**To do:**
Scan the records for lines with the word "Designer", and copy every such line.

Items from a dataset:
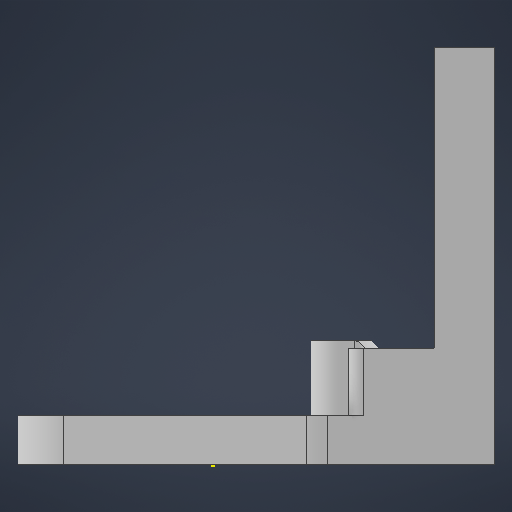
# Autodesk Inventor part: guideline
Saved by Autodesk Inventor 2026 (Build 300175000, 175)
## iProperties
Created: 2025-11-28
Part Number: guideline
Material: 一般
Document SubType Name: Modeling
Designer: numai
Density: 1 g/cm^3
Appearance: 既定
Author: numai
Autodesk Inventor part; units mm, degrees
ref_plane "YZ Plane" through (0, 0, 0) normal (1, 0, 0) x (0, 1, 0)
ref_plane "XZ Plane" through (0, 0, 0) normal (0, 1, 0) x (-1, 0, 0)
ref_plane "XY Plane" through (0, 0, 0) normal (0, 0, 1) x (1, 0, 0)
sketch "スケッチ1" plane through (0, 0, 0) normal (0, 0, 1) x (1, 0, 0)
  circle A0 centre (0, 0) radius 17 construction
  line L0 (0, 0) -> (0, 20.4) construction
  circle A1 centre (0, -17) radius 3 construction
  circle A2 centre (0, 0) radius 14 construction
  circle A3 centre (0, 0) radius 20 construction
  circle A4 centre (0, 17) radius 3 construction
  circle A5 centre (-8.5, 14.7224) radius 3 construction
  line L1 (-8.5, 14.7224) -> (0, 17) construction
  line L2 (-8.5, 14.7224) -> (0, 0) construction
  line L3 (-8.5, 14.7224) -> (8.5, 14.7224) construction
  line L4 (0, 0) -> (8.5, 14.7224) construction
  line L5 (0, 17) -> (8.5, 14.7224) construction
  circle A6 centre (8.5, 14.7224) radius 3 construction
  arc A7 (-32.8415, 8.2002) -> (32.8415, 8.2002) centre (0, 17) ccw construction
  line L6 (-8.5, 14.7224) -> (-32.8415, 8.2002) construction
  line L7 (8.5, 14.7224) -> (32.8415, 8.2002) construction
  arc A8 (-8.5, 14.7224) -> (8.5, 14.7224) centre (0, 17) ccw construction
  circle A9 centre (0, 8.2002) radius 3 construction
  line L8 (3, 8.2002) -> (3, -17) construction
  line L9 (-3, 8.2002) -> (-3, -17) construction
  circle A10 centre (0, -17) radius 9 construction
  line L10 (0, -20) -> (0, -26) construction
  circle A11 centre (0, 17) radius 9 construction
  circle A12 centre (0, 17) radius 7 construction
  line L11 (-4.9497, 21.9497) -> (4.9497, 21.9497) construction
  line L12 (4.9497, 21.9497) -> (4.9497, 12.0503) construction
  line L13 (4.9497, 12.0503) -> (-4.9497, 12.0503) construction
  line L14 (-4.9497, 12.0503) -> (-4.9497, 21.9497) construction
  circle A13 centre (0, 17) radius 2.5
  line L15 (0, 8.2002) -> (0, -17) construction
  line L16 (-3, 8.2002) -> (-3, -17)
  line L17 (3, -17) -> (3, 8.2002)
  arc A14 (3, 8.2002) -> (-3, 8.2002) centre (0, 8.2002) ccw
  arc A15 (-3, -17) -> (3, -17) centre (0, -17) ccw
  line L18 (0, 17) -> (0, -17) construction
  line L19 (-9, 17) -> (-9, -17)
  line L20 (9, -17) -> (9, 17)
  arc A16 (9, 17) -> (-9, 17) centre (0, 17) ccw
  arc A17 (-9, -17) -> (9, -17) centre (0, -17) ccw
  circle A18 centre (4.9497, 21.9497) radius 1.25
  circle A19 centre (-4.9497, 21.9497) radius 1.25
  circle A20 centre (-4.9497, 12.0503) radius 1.25
  circle A21 centre (4.9497, 12.0503) radius 1.25
  circle A22 centre (0, 17) radius 20 construction
  circle A23 centre (0, -17) radius 34 construction
  circle A24 centre (-10.8551, 15.2206) radius 9 construction
  circle A25 centre (10.8551, 15.2206) radius 9 construction
  line L21 (-19.3841, 12.3472) -> (-8.529, -19.8734)
  line L22 (19.3841, 12.3472) -> (8.529, -19.8734)
  arc A26 (13.7285, 23.7496) -> (-13.7285, 23.7496) centre (0, -17) ccw construction
  arc A27 (-13.7285, 23.7496) -> (-19.3841, 12.3472) centre (-10.8551, 15.2206) ccw construction
  arc A28 (19.3841, 12.3472) -> (13.7285, 23.7496) centre (10.8551, 15.2206) ccw construction
  line L23 (19.8551, 37.35) -> (-19.8551, 37.35)
  line L24 (19.8551, 37.35) -> (19.8551, 15.2206)
  line L25 (-19.8551, 37.35) -> (-19.8551, 15.2206)
  arc A29 (19.3841, 12.3472) -> (19.8551, 15.2206) centre (10.8551, 15.2206) ccw
  arc A30 (-19.8551, 15.2206) -> (-19.3841, 12.3472) centre (-10.8551, 15.2206) ccw
  line L26 (19.8551, 29.35) -> (-19.8551, 29.35) construction
  line L27 (19.8551, 33.35) -> (-19.8551, 33.35) construction
  line L28 (-15.8551, 29.35) -> (-15.8551, 37.35) construction
  line L29 (15.8551, 29.35) -> (15.8551, 37.35) construction
  circle A31 centre (15.8551, 33.35) radius 1.25
  circle A32 centre (0, 33.35) radius 1.25
  circle A33 centre (-15.8551, 33.35) radius 1.25
  point P0 (-5.6022, 15.4989)
  point P1 (-2.8978, 16.2235)
  point P2 (0, -4.3999)
  point P3 (0, 26)
  point P4 (0, 10.2)
  dimension "d7" = 18
  dimension "d0" = 34
  dimension "d2" = 6
  dimension "d4" = 2.7999
  dimension "d5" = 150
  dimension "d6" = 6
  dimension "d8" = 14
  dimension "d11" = 5
  dimension "d14" = 2.5
  dimension "d15" = 17
  dimension "d16" = 40
  dimension "d17" = 10.2
  dimension "d18" = 20.35
  dimension "d19" = 8
  dimension "d20" = 4
  dimension "d21" = 4
  dimension "d22" = 4
  dimension "d23" = 2.5
  constraints: 64 end point, 45 point on circle, 29 centre point, 22 coincident, 17 tangent, 13 point on line, 7 equal radius, 6 midpoint, 6 vertical, 5 horizontal, 5 perpendicular, 4 parallel, 3 vertical alignment, 1 concentric, 24 other
  measures "d0" diameter of A0
  measures "d2" diameter of A1
  measures "d4" distance of point (-5.602, 15.499) point (-2.898, 16.224)
  measures "d5" angle of L5 L1
  measures "d6" distance of L10.start L10.end
  measures "d8" diameter of A12
  measures "d11" diameter of A13
  measures "d14" diameter of A18
  measures "d15" distance of L1.end point (0, 0)
  measures "d16" diameter of A22
  measures "d17" distance of point (0, 10.2) point (0, 0)
  measures "d18" distance from line of L23 L1.end
  measures "d19" distance between parallel lines of L23 L26
  measures "d20" distance between parallel lines of L23 L27
  measures "d21" distance between parallel lines of L25 L28
  measures "d22" distance between parallel lines of L29 L24
  measures "d23" diameter of A31
extrude "押し出し1" add sketch "スケッチ1" along normal blind 6.5
sketch "スケッチ2" plane through (0, 0, 6.5) normal (0, 0, 1) x (1, 0, 0)
  arc A0 (-8.529, -19.8734) -> (8.529, -19.8734) centre (0, -17) ccw projected
  line L0 (8.529, -19.8734) -> (19.3841, 12.3472) projected
  arc A1 (19.3841, 12.3472) -> (19.8551, 15.2206) centre (10.8551, 15.2206) ccw projected
  line L1 (19.8551, 15.2206) -> (19.8551, 37.35) projected
  line L2 (19.8551, 37.35) -> (-19.8551, 37.35) projected
  line L3 (-19.8551, 37.35) -> (-19.8551, 15.2206) projected
  arc A2 (-19.8551, 15.2206) -> (-19.3841, 12.3472) centre (-10.8551, 15.2206) ccw projected
  line L4 (-19.3841, 12.3472) -> (-8.529, -19.8734) projected
  circle A3 centre (-4.9497, 12.0503) radius 1.25 projected
  circle A4 centre (4.9497, 12.0503) radius 1.25 projected
  circle A5 centre (-4.9497, 21.9497) radius 1.25 projected
  circle A6 centre (4.9497, 21.9497) radius 1.25 projected
  arc A7 (3, 8.2002) -> (-3, 8.2002) centre (0, 8.2002) ccw projected
  line L5 (3, 8.2002) -> (3, -17) projected
  arc A8 (-3, -17) -> (3, -17) centre (0, -17) ccw projected
  line L6 (-3, -17) -> (-3, 8.2002) projected
  circle A9 centre (0, 17) radius 2.5 projected
  circle A10 centre (-15.8551, 33.35) radius 1.25 projected
  circle A11 centre (0, 33.35) radius 1.25 projected
  circle A12 centre (15.8551, 33.35) radius 1.25 projected
  circle A13 centre (0, 17) radius 10
  circle A14 centre (0, 17) radius 4
  line L7 (0, 17) -> (0.6946, 20.9392) construction
  line L8 (0.6946, 20.9392) -> (9.7205, 19.3477)
  line L9 (0, 17) -> (0, 37.35) construction
  arc A15 (4.6338, 20.2446) -> (3.5681, 18.8079) centre (4.4602, 19.2598) ccw
  line L10 (0, 17) -> (-0.6946, 20.9392) construction
  line L11 (-0.6946, 20.9392) -> (-9.7933, 19.3349)
  arc A16 (-3.5681, 18.8079) -> (-4.6338, 20.2446) centre (-4.4602, 19.2598) ccw
  line L12 (19.8551, 29.35) -> (-19.8551, 29.35)
  line L13 (-9.7933, 19.3349) -> (-19.8551, 17.5607)
  line L14 (9.7205, 19.3477) -> (19.8551, 17.5607)
  point P0 (0, 0)
  point P1 (-9.7205, 19.3477)
  dimension "d24" = 20
  dimension "d25" = 8
  dimension "d26" = 10
  dimension "d27" = 1
  dimension "d28" = 10
  dimension "d29" = 8
  constraints: 16 end point, 8 point on circle, 6 point on line, 5 tangent, 3 centre point, 2 coincident, 2 collinear, 1 equal radius, 1 midpoint, 1 parallel, 1 perpendicular, 3 other
  measures "d25" diameter of A14
  measures "d26" angle of L9 L7
  measures "d27" radius of A15
  measures "d28" angle of L10 L9
  measures "d29" distance between parallel lines of L12 L2
extrude "押し出し2" add sketch "スケッチ2" along normal blind 10 contours L3 L12 L1 L14 A13 L11 L13 | L8 A14 L11 A13 | A15 A14 L8 | L11 A14 A16 | A14
sketch "スケッチ3" plane through (0, 0, 16.5) normal (0, 0, 1) x (1, 0, 0)
  line L0 (-19.8551, 17.5607) -> (-4.6338, 20.2446) projected
  arc A0 (-3.5681, 18.8079) -> (-4.6338, 20.2446) centre (-4.4602, 19.2598) ccw projected
  arc A1 (-3.5681, 18.8079) -> (3.5681, 18.8079) centre (0, 17) ccw projected
  arc A2 (4.6338, 20.2446) -> (3.5681, 18.8079) centre (4.4602, 19.2598) ccw projected
  line L1 (4.6338, 20.2446) -> (19.8551, 17.5607) projected
  circle A3 centre (0, 17) radius 2.5 projected
  circle A4 centre (-4.9497, 21.9497) radius 1.25 projected
  circle A5 centre (4.9497, 21.9497) radius 1.25 projected
  arc A6 (3.5681, 18.8079) -> (-3.5681, 18.8079) centre (0, 17) ccw
  line L2 (19.8551, 17.5607) -> (19.8551, 29.35) projected
  line L3 (19.8551, 29.35) -> (-19.8551, 29.35) projected
  line L4 (-19.8551, 29.35) -> (-19.8551, 17.5607) projected
  point P0 (0, 0)
  constraints: 2 point on circle, 1 centre point, 1 coincident
extrude "押し出し3" cut sketch "スケッチ3" against normal blind 1 contours L4 L3 L2 L1 A2 A6 A0 L0
sketch "スケッチ4" plane through (0, 0, 6.5) normal (0, 0, 1) x (1, 0, 0)
  line L0 (-19.8551, 29.35) -> (19.8551, 29.35) projected
  line L1 (19.8551, 29.35) -> (19.8551, 37.35) projected
  line L2 (19.8551, 37.35) -> (-19.8551, 37.35) projected
  line L3 (-19.8551, 37.35) -> (-19.8551, 29.35) projected
  circle A0 centre (-15.8551, 33.35) radius 1.25 projected
  circle A1 centre (0, 33.35) radius 1.25 projected
  circle A2 centre (15.8551, 33.35) radius 1.25 projected
  point P0 (0, 0)
extrude "押し出し4" add sketch "スケッチ4" along normal blind 49
sketch "スケッチ5" plane through (0, 0, 0) normal (0, 0, -1) x (-1, 0, 0)
  point P0 (0, 0)
chamfer "面取り1" distance 1 angle 45 1 edges at (0, 21, 15.5)
fillet "フィレット1" radius 2 2 edges at (-19.8551, 17.5607, 11) (19.8551, 17.5607, 11)
equation "\"d20\" = 0.5 * d19"
equation "\"d21\" = d20"
equation "\"d22\" = d21"
equation "\"d28\" = d26"
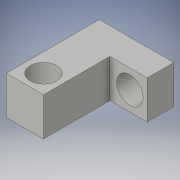
# Autodesk Inventor part: Pivot Point 2
Saved by Autodesk Inventor 2016 (Build 200138000, 138)
## iProperties
Created: 2016-03-19
Part Number: Pivot Point 2
Material: Generic
Document SubType Name: Modeling
Designer: matth_000
Density: 1 g/cm^3
Appearance: Default
Author: matth_000
Autodesk Inventor part; units mm, degrees
ref_plane "YZ Plane" through (0, 0, 0) normal (1, 0, 0) x (0, 1, 0)
ref_plane "XZ Plane" through (0, 0, 0) normal (0, 1, 0) x (-1, 0, 0)
ref_plane "XY Plane" through (0, 0, 0) normal (0, 0, 1) x (1, 0, 0)
sketch "Sketch1" plane through (0, 0, 0) normal (0, 1, 0) x (-1, 0, 0)
  line L0 (0, 0) -> (-17.78, 0)
  line L1 (-17.78, 0) -> (-17.78, -44.45)
  line L2 (-17.78, -44.45) -> (0, -44.45)
  line L3 (0, -44.45) -> (0, 0)
  line L4 (-17.78, -44.45) -> (-35.56, -44.45)
  line L5 (-35.56, -44.45) -> (-35.56, -31.75)
  line L6 (-35.56, -31.75) -> (-17.78, -31.75)
  line L7 (-17.78, -31.75) -> (-17.78, -44.45)
  dimension "d0" = 17.78
  dimension "d1" = 44.45
  dimension "d2" = 17.78
  dimension "d3" = 12.7
  constraints: 16 end point, 4 parallel, 2 horizontal, 2 perpendicular
  measures "d0" distance of L2.end L1.end
  measures "d1" distance of L1.end L0.end
  measures "d2" distance of L5.end L6.end
  measures "d3" distance of L4.end L5.end
extrude "Extrusion1" add sketch "Sketch1" along normal blind 18.288
sketch "Sketch2" plane through (17.78, 0, -31.75) normal (0, 0, 1) x (1, 0, 0)
  circle A0 centre (9.4883, 9.144) radius 6.35
  point P0 (-17.78, 0)
  dimension "d6" = 12.7
  constraints: 1 centre point
  measures "d6" diameter of A0
extrude "Extrusion2" cut sketch "Sketch2" against normal blind 12.7
sketch "Sketch3" plane through (0, 18.288, 0) normal (0, 1, 0) x (1, 0, 0)
  circle A0 centre (8.89, 8.89) radius 6.35
  line L0 (0, 0) -> (17.78, 0) projected
  dimension "d9" = 12.7
  dimension "d10" = 8.89
  constraints: 1 centre point
  measures "d9" diameter of A0
  measures "d10" distance from line of L0 A0.centre
extrude "Extrusion3" cut sketch "Sketch3" against normal blind 18.288
body "Solid1"
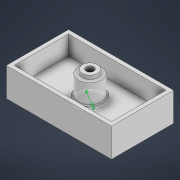
# Autodesk Inventor part: Servoverbindung_Konzept
Saved by Autodesk Inventor 2021 (Build 250183000, 183)
## iProperties
Created: 2021-01-13
Part Number: Servoverbindung_Konzept
Material: Generisch
Document SubType Name: Modeling
Designer: Ctroi
Density: 1 g/cm^3
Appearance: Vorgabe
Author: Ctroi
Autodesk Inventor part; units mm, degrees
ref_plane "YZ Plane" through (0, 0, 0) normal (1, 0, 0) x (0, 1, 0)
ref_plane "XZ Plane" through (0, 0, 0) normal (0, 1, 0) x (-1, 0, 0)
ref_plane "XY Plane" through (0, 0, 0) normal (0, 0, 1) x (1, 0, 0)
sketch "Skizze1" plane through (0, 0, 0) normal (0, 1, 0) x (-1, 0, 0)
  line L0 (-27.5, -16.25) -> (27.5, -16.25)
  line L1 (27.5, -16.25) -> (27.5, 16.25)
  line L2 (27.5, 16.25) -> (-27.5, 16.25)
  line L3 (-27.5, 16.25) -> (-27.5, -16.25)
  line L4 (-38.5, 0) -> (38.5, 0) projected
  line L5 (0, -22.75) -> (0, 22.75) projected
  point P0 (0, 0)
  dimension "d0" = 55
  dimension "d1" = 32.5
  constraints: 8 end point, 2 parallel, 1 horizontal, 1 perpendicular, 2 other
  measures "d0" distance of L1.end L2.end
  measures "d1" distance of L0.end L1.end
extrude "Extrusion1" add sketch "Skizze1" along normal blind 5
sketch "Skizze5" plane through (0, 5, 0) normal (0, 1, 0) x (1, 0, 0)
  line L0 (27.5, 16.25) -> (-27.5, 16.25) projected
  line L1 (27.5, -16.25) -> (27.5, 16.25) projected
  line L2 (-27.5, 16.25) -> (27.5, 16.25)
  line L3 (27.5, 16.25) -> (27.5, -16.25)
  line L4 (27.5, -16.25) -> (-27.5, -16.25)
  line L5 (-27.5, -16.25) -> (-27.5, 16.25)
  line L6 (-25.5, 14.25) -> (25.5, 14.25)
  line L7 (25.5, 14.25) -> (25.5, -14.25)
  line L8 (25.5, -14.25) -> (-25.5, -14.25)
  line L9 (-25.5, -14.25) -> (-25.5, 14.25)
  point P0 (0, 0)
  dimension "d14" = 2
  constraints: 16 end point, 4 parallel, 2 perpendicular, 1 horizontal, 3 other
  measures "d14" distance between parallel lines of L5 L9
extrude "Extrusion5" add sketch "Skizze5" along normal blind 10
sketch "Skizze6" plane through (0, 5, 0) normal (0, 1, 0) x (1, 0, 0)
  circle A0 centre (0, 0) radius 6
  circle A1 centre (0, 0) radius 7
  dimension "d17" = 12
  dimension "d18" = 14
  constraints: 2 centre point, 2 coincident
  measures "d17" diameter of A0
  measures "d18" diameter of A1
extrude "Extrusion6" add sketch "Skizze6" along normal blind 2
extrude "Extrusion7" add sketch "Skizze6" along normal blind 12 contours A0
sketch "Skizze8" plane through (0, 17, 0) normal (0, 1, 0) x (1, 0, 0)
  circle A0 centre (0, 0) radius 3.95
  dimension "d23" = 7.9
  constraints: 1 centre point, 1 coincident
  measures "d23" diameter of A0
extrude "Extrusion8" add sketch "Skizze8" along normal blind 2
sketch "Skizze9" plane through (0, 19, 0) normal (0, 1, 0) x (1, 0, 0)
  circle A0 centre (0, 0) radius 2
  dimension "d26" = 4
  constraints: 1 centre point, 1 coincident
  measures "d26" diameter of A0
extrude "Extrusion9" cut sketch "Skizze9" against normal blind 4

**Task solution:**
Designer: numai
Designer: matth_000
Designer: Ctroi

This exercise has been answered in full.